■ **EXERCISE DESCRIPTION**
From the first line of the listing below to the line containing "(-1, -0.1667)], dxfattribs=at)", write out everything exactly. No pictures.
------ RECORDS FOR PROCESSING ------
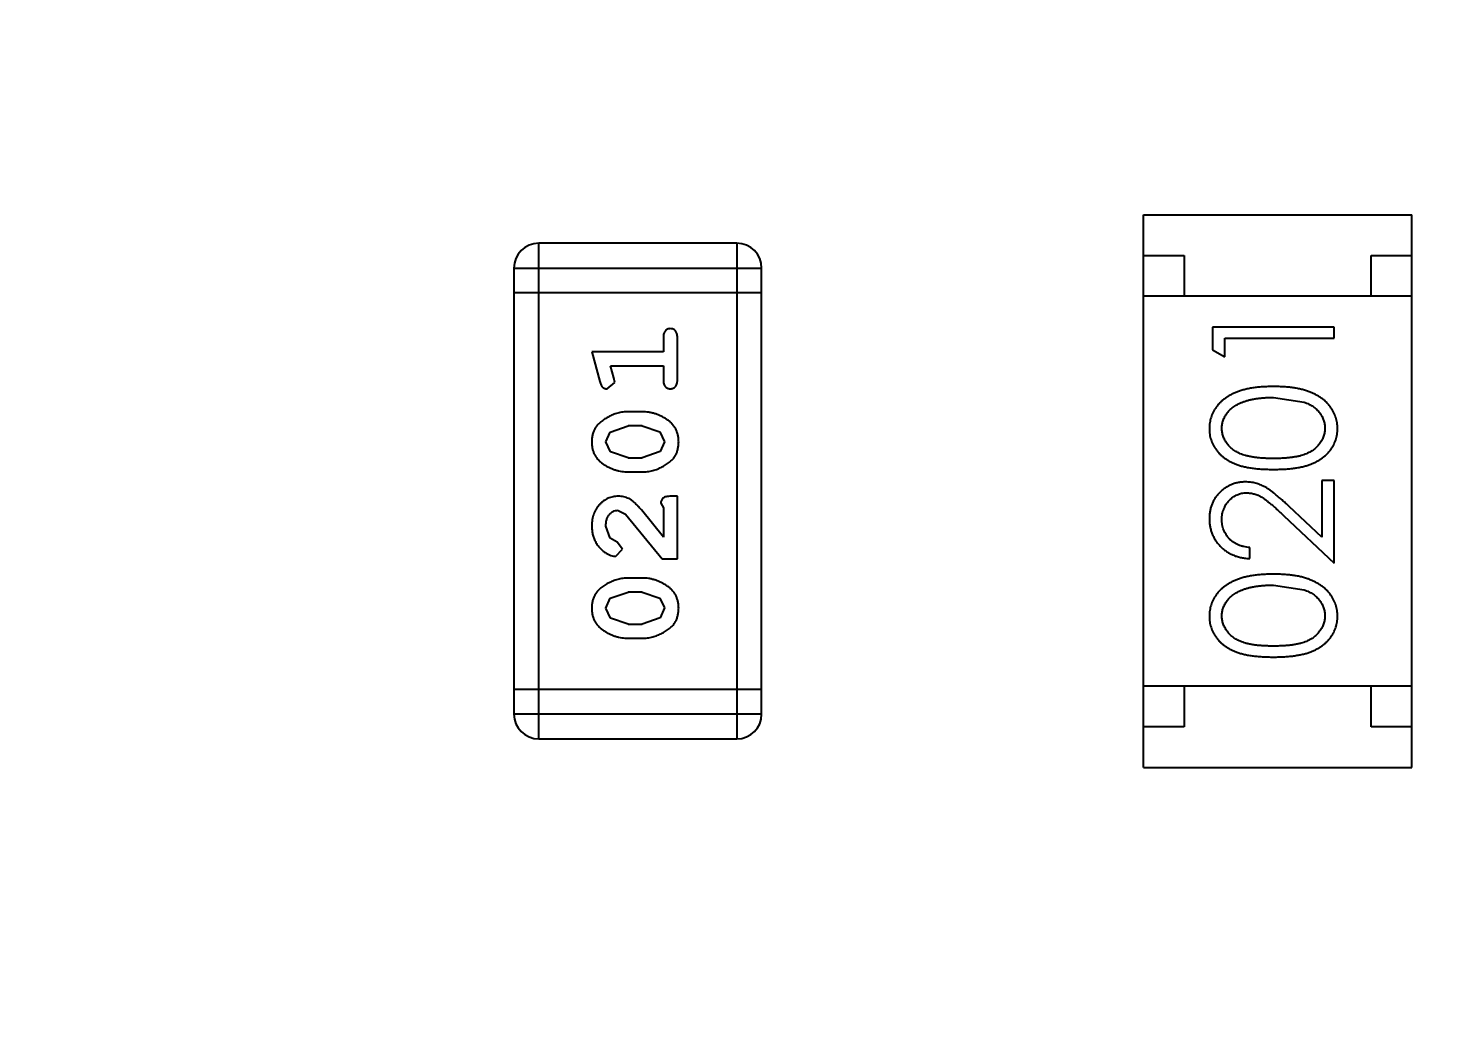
# Model space of a CAD drawing. Header units: inches. Extents: x -13 to 119, y -33 to 44.
# Drawn here: x 91.123 to 92.86, y 11.918 to 13.133 of the extents above; entities that cross this region are included whole.
import ezdxf

# ---------------------------------------------------------------- set-up
doc = ezdxf.new("R2010")
doc.units = ezdxf.units.IN
doc.header["$LTSCALE"] = 1.21
doc.header["$MEASUREMENT"] = 0
doc.header["$PDMODE"] = 3
doc.header["$PDSIZE"] = 0.3125
doc.layers.get('0').update_dxf_attribs({"linetype": 'CONTINUOUS'})
doc.layers.get('Defpoints').update_dxf_attribs({"linetype": 'CONTINUOUS'})
doc.layers.add('DIM', color=3, linetype='CONTINUOUS')
doc.styles.get("Standard").update_dxf_attribs({"font": 'txt', "width": 0.8})
doc.dimstyles.get("Standard").update_dxf_attribs({"dimtxt": 0.15625, "dimasz": 0.1875, "dimexe": 0.125, "dimexo": 0.0625, "dimgap": 0.09, "dimtad": 0, "dimtih": 1, "dimtoh": 1, "dimzin": 4, "dimdsep": 46, "dimtxsty": 'Standard', "dimblk": '_FILLED', "dimblk1": '_FILLED', "dimblk2": '_FILLED', "dimcen": 0.09, "dimazin": 1, "dimtp": 0.01, "dimtm": 0.01, "dimtfac": 1, "dimtofl": 0, "dimtmove": 0, "dimatfit": 3, "dimldrblk": '_FILLED', "dimfxl": 1, "dimtolj": 1, "dimtzin": 4, "dimarcsym": 0})

# ---------------------------------------------------------------- blocks, each defined once
blk = doc.blocks.new('_FILLED')
at = {"color": 0, "linetype": 'ByBlock'}
blk.add_solid([(0, 0), (-1, 0.1667), (-1, -0.1667)], dxfattribs=at)
blk = doc.blocks.new('*D26')
at = {"layer": 'Defpoints', "color": 0}
for p in [(87.6825, 22.6485), (108.0025, -8.1472), (108.0025, -17.2496)]:
    blk.add_point(p, dxfattribs=at)
at = {"layer": 'DIM', "color": 0, "lineweight": -2}
for p, q in [((87.6825, 22.586), (87.6825, -17.3746)), ((108.0025, -8.2097), (108.0025, -17.3746)), ((88.8825, -17.2496), (95.9125, -17.2496)), ((106.8025, -17.2496), (99.7725, -17.2496))]:
    blk.add_line(p, q, dxfattribs=at)
at = {"layer": 'DIM', "color": 0, "lineweight": -2, "xscale": 1.2, "yscale": 1.2, "zscale": 1.2, "rotation": 180}
blk.add_blockref('_FILLED', (87.6825, -17.2496), dxfattribs=at)
at = {"layer": 'DIM', "color": 0, "lineweight": -2, "xscale": 1.2, "yscale": 1.2, "zscale": 1.2}
blk.add_blockref('_FILLED', (108.0025, -17.2496), dxfattribs=at)
at = {"layer": 'DIM', "color": 0, "insert": (97.8425, -17.2496), "char_height": 1.2, "attachment_point": 5}
blk.add_mtext('\\A1;20.32', dxfattribs=at)

msp = doc.modelspace()

# ---------------------------------------------------------------- linework, layer by layer
at = {"color": 7, "linetype": 'Continuous'}
for p, q in [((92.4959, 12.2235), (92.4959, 12.9035)), ((92.4959, 12.9035), (92.8259, 12.9035)), ((92.8259, 12.2235), (92.8259, 12.9035)), ((91.7514, 12.2588), (91.7514, 12.8684)), ((91.9953, 12.8684), (91.7514, 12.8684)), ((91.9953, 12.8684), (91.9953, 12.2588)), ((92.4959, 12.8535), (92.5459, 12.8535)), ((92.5459, 12.8535), (92.5459, 12.8035)), ((92.7759, 12.8035), (92.7759, 12.8535)), ((92.7759, 12.8535), (92.8259, 12.8535)), ((91.7209, 12.8379), (91.7209, 12.2893)), ((91.7209, 12.8379), (92.0257, 12.8379)), ((92.0257, 12.2893), (92.0257, 12.8379)), ((92.0257, 12.8074), (91.7209, 12.8074)), ((92.8259, 12.8035), (92.4959, 12.8035)), ((91.9048, 12.7524), (91.9048, 12.735)), ((91.9221, 12.7004), (91.9221, 12.7524)), ((92.5806, 12.7653), (92.5806, 12.7375)), ((92.7306, 12.7653), (92.5806, 12.7653)), ((92.596, 12.7287), (92.596, 12.7518)), ((92.596, 12.7518), (92.7306, 12.7518)), ((92.7306, 12.7518), (92.7306, 12.7653)), ((91.8167, 12.735), (91.8266, 12.6985)), ((91.9048, 12.735), (91.8167, 12.735)), ((92.5806, 12.7375), (92.596, 12.7287)), ((91.844, 12.7027), (91.8398, 12.7177)), ((91.8398, 12.7177), (91.9048, 12.7177)), ((91.9048, 12.7177), (91.9048, 12.7004)), ((91.845, 12.6973), (91.844, 12.7027)), ((91.8357, 12.6894), (91.845, 12.6973)), ((92.6556, 12.6787), (92.6934, 12.673)), ((91.8791, 12.6611), (91.8613, 12.6611)), ((91.834, 12.6241), (91.8393, 12.6362)), ((91.8393, 12.6362), (91.8616, 12.6438)), ((91.8788, 12.6438), (91.8616, 12.6438)), ((91.8788, 12.6438), (91.9006, 12.6366)), ((91.9006, 12.6366), (91.9064, 12.6243)), ((91.8398, 12.6117), (91.834, 12.6241)), ((91.9064, 12.6243), (91.9011, 12.6121)), ((91.8616, 12.6045), (91.8398, 12.6117)), ((91.8616, 12.6045), (91.8788, 12.6045)), ((91.9011, 12.6121), (91.8788, 12.6045)), ((91.8613, 12.5872), (91.8791, 12.5872)), ((92.7153, 12.5768), (92.7153, 12.507)), ((92.7306, 12.5768), (92.7153, 12.5768)), ((92.7306, 12.4749), (92.7306, 12.5768)), ((91.9017, 12.5486), (91.9048, 12.5431)), ((91.9048, 12.5431), (91.9048, 12.5069)), ((91.9221, 12.5573), (91.9142, 12.5573)), ((91.9221, 12.4802), (91.9221, 12.5573)), ((92.7153, 12.507), (92.6752, 12.5445)), ((91.8485, 12.54), (91.8582, 12.5352)), ((91.8582, 12.5352), (91.9032, 12.4802)), ((91.9048, 12.5069), (91.8778, 12.5405)), ((92.6686, 12.533), (92.7306, 12.4749)), ((91.8394, 12.5056), (91.834, 12.5205)), ((91.8479, 12.5006), (91.8394, 12.5056)), ((91.846, 12.4833), (91.8545, 12.4922)), ((91.8545, 12.4922), (91.8479, 12.5006)), ((92.6268, 12.4806), (92.6268, 12.4941)), ((91.9032, 12.4802), (91.9221, 12.4802)), ((91.8791, 12.4566), (91.8613, 12.4566)), ((91.8393, 12.4317), (91.8616, 12.4393)), ((91.8788, 12.4393), (91.8616, 12.4393)), ((91.8788, 12.4393), (91.9006, 12.432)), ((92.6556, 12.448), (92.6934, 12.4423)), ((91.834, 12.4196), (91.8393, 12.4317)), ((91.9006, 12.432), (91.9064, 12.4198)), ((91.8398, 12.4072), (91.834, 12.4196)), ((91.8616, 12.4), (91.8398, 12.4072)), ((91.9011, 12.4076), (91.8788, 12.4)), ((91.9064, 12.4198), (91.9011, 12.4076)), ((91.8616, 12.4), (91.8788, 12.4)), ((91.8613, 12.3827), (91.8791, 12.3827)), ((92.0257, 12.3197), (91.7209, 12.3197)), ((92.8259, 12.3235), (92.4959, 12.3235)), ((92.5459, 12.3235), (92.5459, 12.2735)), ((92.7759, 12.2735), (92.7759, 12.3235)), ((92.0257, 12.2893), (91.7209, 12.2893)), ((92.5459, 12.2735), (92.4959, 12.2735)), ((92.8259, 12.2735), (92.7759, 12.2735)), ((91.7514, 12.2588), (91.9953, 12.2588)), ((92.4959, 12.2235), (92.8259, 12.2235))]:
    msp.add_line(p, q, dxfattribs=at)
for centre, start, end in [((91.7514, 12.8379), 90, 180), ((91.9953, 12.8379), 0, 90), ((91.7514, 12.2893), 180, 270), ((91.9953, 12.2893), 270, 0)]:
    msp.add_arc(centre, 0.0305, start, end, dxfattribs=at)
for points, knots in [([(91.9134, 12.7634), (91.9128, 12.7633), (91.9117, 12.7633), (91.91, 12.7628), (91.9085, 12.7619), (91.9072, 12.7608), (91.9061, 12.7592), (91.9053, 12.7573), (91.9049, 12.7549), (91.9048, 12.7532), (91.9048, 12.7524)], [0, 0, 0, 0, 0.11517, 0.223509, 0.328254, 0.438012, 0.553651, 0.682263, 0.830856, 1, 1, 1, 1]), ([(91.9221, 12.7524), (91.9221, 12.7532), (91.922, 12.7549), (91.9216, 12.7573), (91.9209, 12.7592), (91.9198, 12.7608), (91.9184, 12.7619), (91.9169, 12.7628), (91.9152, 12.7633), (91.9141, 12.7633), (91.9134, 12.7634)], [0, 0, 0, 0, 0.169012, 0.317488, 0.445429, 0.560977, 0.67065, 0.776666, 0.88492, 1, 1, 1, 1]), ([(91.9048, 12.7004), (91.9048, 12.6995), (91.9049, 12.6979), (91.9053, 12.6955), (91.9061, 12.6936), (91.9071, 12.692), (91.9085, 12.6909), (91.91, 12.69), (91.9117, 12.6895), (91.9128, 12.6895), (91.9134, 12.6894)], [0, 0, 0, 0, 0.169102, 0.317658, 0.446239, 0.563118, 0.671828, 0.776546, 0.884858, 1, 1, 1, 1]), ([(91.9134, 12.6894), (91.9141, 12.6895), (91.9152, 12.6895), (91.9169, 12.69), (91.9184, 12.6909), (91.9198, 12.692), (91.9208, 12.6936), (91.9216, 12.6955), (91.922, 12.6979), (91.9221, 12.6995), (91.9221, 12.7004)], [0, 0, 0, 0, 0.115051, 0.223278, 0.329269, 0.437893, 0.554681, 0.682591, 0.83103, 1, 1, 1, 1]), ([(91.8266, 12.6985), (91.8268, 12.6976), (91.8273, 12.6961), (91.8282, 12.694), (91.8291, 12.6923), (91.8301, 12.6912), (91.8313, 12.6904), (91.8326, 12.6898), (91.8341, 12.6895), (91.8352, 12.6894), (91.8357, 12.6894)], [0, 0, 0, 0, 0.187321, 0.344927, 0.475328, 0.579604, 0.674244, 0.773631, 0.882025, 1, 1, 1, 1]), ([(92.6557, 12.6922), (92.6534, 12.6922), (92.6489, 12.6921), (92.6423, 12.6918), (92.6361, 12.6913), (92.6303, 12.6905), (92.6248, 12.6896), (92.6197, 12.6884), (92.615, 12.687), (92.6105, 12.6854), (92.6064, 12.6836), (92.6026, 12.6817), (92.5991, 12.6796), (92.5957, 12.6773), (92.5927, 12.6749), (92.5899, 12.6723), (92.5874, 12.6696), (92.5852, 12.6667), (92.5832, 12.6638), (92.5815, 12.6607), (92.58, 12.6575), (92.5789, 12.6542), (92.5779, 12.6509), (92.5773, 12.6475), (92.5769, 12.644), (92.5768, 12.6416), (92.5768, 12.6404)], [0, 0, 0, 0, 0.065278, 0.127205, 0.186168, 0.241675, 0.294115, 0.343609, 0.390387, 0.434463, 0.476646, 0.517002, 0.555936, 0.593716, 0.630057, 0.665601, 0.700745, 0.734917, 0.768681, 0.802087, 0.834849, 0.867433, 0.900138, 0.932806, 0.966212, 1, 1, 1, 1]), ([(92.7345, 12.6404), (92.7345, 12.6416), (92.7344, 12.644), (92.734, 12.6475), (92.7333, 12.6509), (92.7324, 12.6543), (92.7312, 12.6575), (92.7298, 12.6607), (92.728, 12.6638), (92.726, 12.6668), (92.7238, 12.6697), (92.7212, 12.6725), (92.7185, 12.6751), (92.7154, 12.6775), (92.7121, 12.6797), (92.7085, 12.6818), (92.7047, 12.6837), (92.7007, 12.6855), (92.6963, 12.6871), (92.6915, 12.6884), (92.6864, 12.6896), (92.681, 12.6906), (92.6752, 12.6913), (92.669, 12.6918), (92.6625, 12.6921), (92.658, 12.6922), (92.6557, 12.6922)], [0, 0, 0, 0, 0.033824, 0.067298, 0.10028, 0.133019, 0.165736, 0.198792, 0.232372, 0.266409, 0.301016, 0.336196, 0.371972, 0.408574, 0.446394, 0.485225, 0.525372, 0.567224, 0.611081, 0.65775, 0.70702, 0.759235, 0.814484, 0.873227, 0.934937, 1, 1, 1, 1]), ([(92.5922, 12.6409), (92.5923, 12.6425), (92.5924, 12.6458), (92.5937, 12.6506), (92.5958, 12.6553), (92.5982, 12.659), (92.6005, 12.6619), (92.6025, 12.664), (92.6047, 12.6659), (92.6072, 12.6677), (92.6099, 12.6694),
------
■ **RESPONSE AREA**
# Model space of a CAD drawing. Header units: inches. Extents: x -13 to 119, y -33 to 44.
# Drawn here: x 91.123 to 92.86, y 11.918 to 13.133 of the extents above; entities that cross this region are included whole.
import ezdxf

# ---------------------------------------------------------------- set-up
doc = ezdxf.new("R2010")
doc.units = ezdxf.units.IN
doc.header["$LTSCALE"] = 1.21
doc.header["$MEASUREMENT"] = 0
doc.header["$PDMODE"] = 3
doc.header["$PDSIZE"] = 0.3125
doc.layers.get('0').update_dxf_attribs({"linetype": 'CONTINUOUS'})
doc.layers.get('Defpoints').update_dxf_attribs({"linetype": 'CONTINUOUS'})
doc.layers.add('DIM', color=3, linetype='CONTINUOUS')
doc.styles.get("Standard").update_dxf_attribs({"font": 'txt', "width": 0.8})
doc.dimstyles.get("Standard").update_dxf_attribs({"dimtxt": 0.15625, "dimasz": 0.1875, "dimexe": 0.125, "dimexo": 0.0625, "dimgap": 0.09, "dimtad": 0, "dimtih": 1, "dimtoh": 1, "dimzin": 4, "dimdsep": 46, "dimtxsty": 'Standard', "dimblk": '_FILLED', "dimblk1": '_FILLED', "dimblk2": '_FILLED', "dimcen": 0.09, "dimazin": 1, "dimtp": 0.01, "dimtm": 0.01, "dimtfac": 1, "dimtofl": 0, "dimtmove": 0, "dimatfit": 3, "dimldrblk": '_FILLED', "dimfxl": 1, "dimtolj": 1, "dimtzin": 4, "dimarcsym": 0})

# ---------------------------------------------------------------- blocks, each defined once
blk = doc.blocks.new('_FILLED')
at = {"color": 0, "linetype": 'ByBlock'}
blk.add_solid([(0, 0), (-1, 0.1667), (-1, -0.1667)], dxfattribs=at)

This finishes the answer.